I've used that before and its a cracking site!! good spot mate !!


----------



## Bigpikle (May 21, 2007)

agreed - search and yee shall find when it comes to photoshop tips and actions etc. remember to record actions when you find something good, so that next time when you forget how you did it you simply use your own action


----------



## Jmax (Dec 4, 2005)

ive done 4 or 5 tutorials so far but only one of them has been picked up on


----------



## Silva1 (Sep 16, 2007)

are u tryin to do car mods on photoshop or just random designing

if so heres a few :

http://www.tutorialized.com/tutorials/Photoshop/1

http://www.tutorials-expert.com/

http://www.freshtuts.com/

http://www.good-tutorials.com/

http://www.pixel2life.com/

hope that helps - i did have a few on car modiflyin if anyones interested


----------



## dubnut71 (Jul 25, 2006)

I am still a bit clunky in PS but getting (slightly better)...
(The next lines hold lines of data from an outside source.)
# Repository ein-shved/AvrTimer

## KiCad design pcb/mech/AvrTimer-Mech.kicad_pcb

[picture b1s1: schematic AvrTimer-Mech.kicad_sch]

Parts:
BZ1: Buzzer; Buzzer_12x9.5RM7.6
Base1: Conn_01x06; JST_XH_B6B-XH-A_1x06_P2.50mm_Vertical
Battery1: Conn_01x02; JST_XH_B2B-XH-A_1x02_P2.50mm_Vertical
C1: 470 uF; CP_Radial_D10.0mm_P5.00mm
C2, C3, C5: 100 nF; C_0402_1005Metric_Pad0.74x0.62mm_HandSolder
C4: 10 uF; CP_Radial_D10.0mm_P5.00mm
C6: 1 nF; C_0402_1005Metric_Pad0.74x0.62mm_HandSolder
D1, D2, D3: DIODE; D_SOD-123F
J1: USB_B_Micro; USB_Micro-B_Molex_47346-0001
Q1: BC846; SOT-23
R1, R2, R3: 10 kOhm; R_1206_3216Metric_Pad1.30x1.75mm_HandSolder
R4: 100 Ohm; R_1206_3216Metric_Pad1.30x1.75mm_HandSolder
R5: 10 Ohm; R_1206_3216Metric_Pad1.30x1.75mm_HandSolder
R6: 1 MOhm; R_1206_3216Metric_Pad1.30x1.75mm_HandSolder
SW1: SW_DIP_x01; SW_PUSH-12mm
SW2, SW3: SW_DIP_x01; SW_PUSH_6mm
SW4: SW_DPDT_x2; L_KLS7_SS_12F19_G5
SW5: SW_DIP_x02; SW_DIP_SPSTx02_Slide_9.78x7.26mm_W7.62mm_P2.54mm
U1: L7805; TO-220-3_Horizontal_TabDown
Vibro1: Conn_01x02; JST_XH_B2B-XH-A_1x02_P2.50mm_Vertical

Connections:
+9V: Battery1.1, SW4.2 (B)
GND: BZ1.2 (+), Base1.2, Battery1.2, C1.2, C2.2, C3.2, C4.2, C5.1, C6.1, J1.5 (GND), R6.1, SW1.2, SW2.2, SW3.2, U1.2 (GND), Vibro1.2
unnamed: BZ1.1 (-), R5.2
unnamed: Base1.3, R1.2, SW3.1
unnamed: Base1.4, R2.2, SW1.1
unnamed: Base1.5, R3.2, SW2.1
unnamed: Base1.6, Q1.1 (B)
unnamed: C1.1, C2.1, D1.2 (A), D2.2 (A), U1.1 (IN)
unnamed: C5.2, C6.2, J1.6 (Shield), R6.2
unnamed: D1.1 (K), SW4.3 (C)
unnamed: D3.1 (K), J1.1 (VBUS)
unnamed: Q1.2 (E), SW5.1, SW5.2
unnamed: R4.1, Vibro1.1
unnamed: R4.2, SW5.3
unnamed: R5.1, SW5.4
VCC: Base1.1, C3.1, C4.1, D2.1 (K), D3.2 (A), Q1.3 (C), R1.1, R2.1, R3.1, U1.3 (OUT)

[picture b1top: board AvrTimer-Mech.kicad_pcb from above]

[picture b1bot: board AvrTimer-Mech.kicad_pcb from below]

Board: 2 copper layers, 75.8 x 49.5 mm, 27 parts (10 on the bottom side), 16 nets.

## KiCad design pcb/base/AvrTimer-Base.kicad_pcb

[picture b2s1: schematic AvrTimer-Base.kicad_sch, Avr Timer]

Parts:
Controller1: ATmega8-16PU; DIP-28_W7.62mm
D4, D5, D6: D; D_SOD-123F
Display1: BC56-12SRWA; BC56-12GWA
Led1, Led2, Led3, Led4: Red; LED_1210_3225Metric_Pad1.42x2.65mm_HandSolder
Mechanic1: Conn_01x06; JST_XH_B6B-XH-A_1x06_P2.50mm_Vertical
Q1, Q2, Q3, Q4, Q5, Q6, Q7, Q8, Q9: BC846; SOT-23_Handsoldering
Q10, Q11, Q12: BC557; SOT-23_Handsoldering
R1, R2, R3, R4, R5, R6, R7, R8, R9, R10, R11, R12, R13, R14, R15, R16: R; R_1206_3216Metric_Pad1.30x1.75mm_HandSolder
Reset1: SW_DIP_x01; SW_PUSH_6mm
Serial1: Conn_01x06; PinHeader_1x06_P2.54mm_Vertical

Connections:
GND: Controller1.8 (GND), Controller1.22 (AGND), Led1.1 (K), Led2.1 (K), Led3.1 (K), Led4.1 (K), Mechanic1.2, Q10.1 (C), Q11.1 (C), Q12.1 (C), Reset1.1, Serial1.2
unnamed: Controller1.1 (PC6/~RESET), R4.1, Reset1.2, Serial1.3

Good website for source images (Tattoo designs etc) here:

http://www.deviantart.com/

As a for instance I got my next tat design on there and PS'd it onto my back before getting it done!! much less pain!!


----------



## pologti (May 5, 2006)

Silva1 said:


> are u tryin to do car mods on photoshop or just random designing
> 
> if so heres a few :
> 
> ...


can you pm me or post the ones on car modiflyin ,
cheers kenny


----------



## Silva1 (Sep 16, 2007)

lol sorry i thought it was tuts in general ill try to find my cars one but i think i deleted them

i can make my own and show you how to make a carbon fibre panels


----------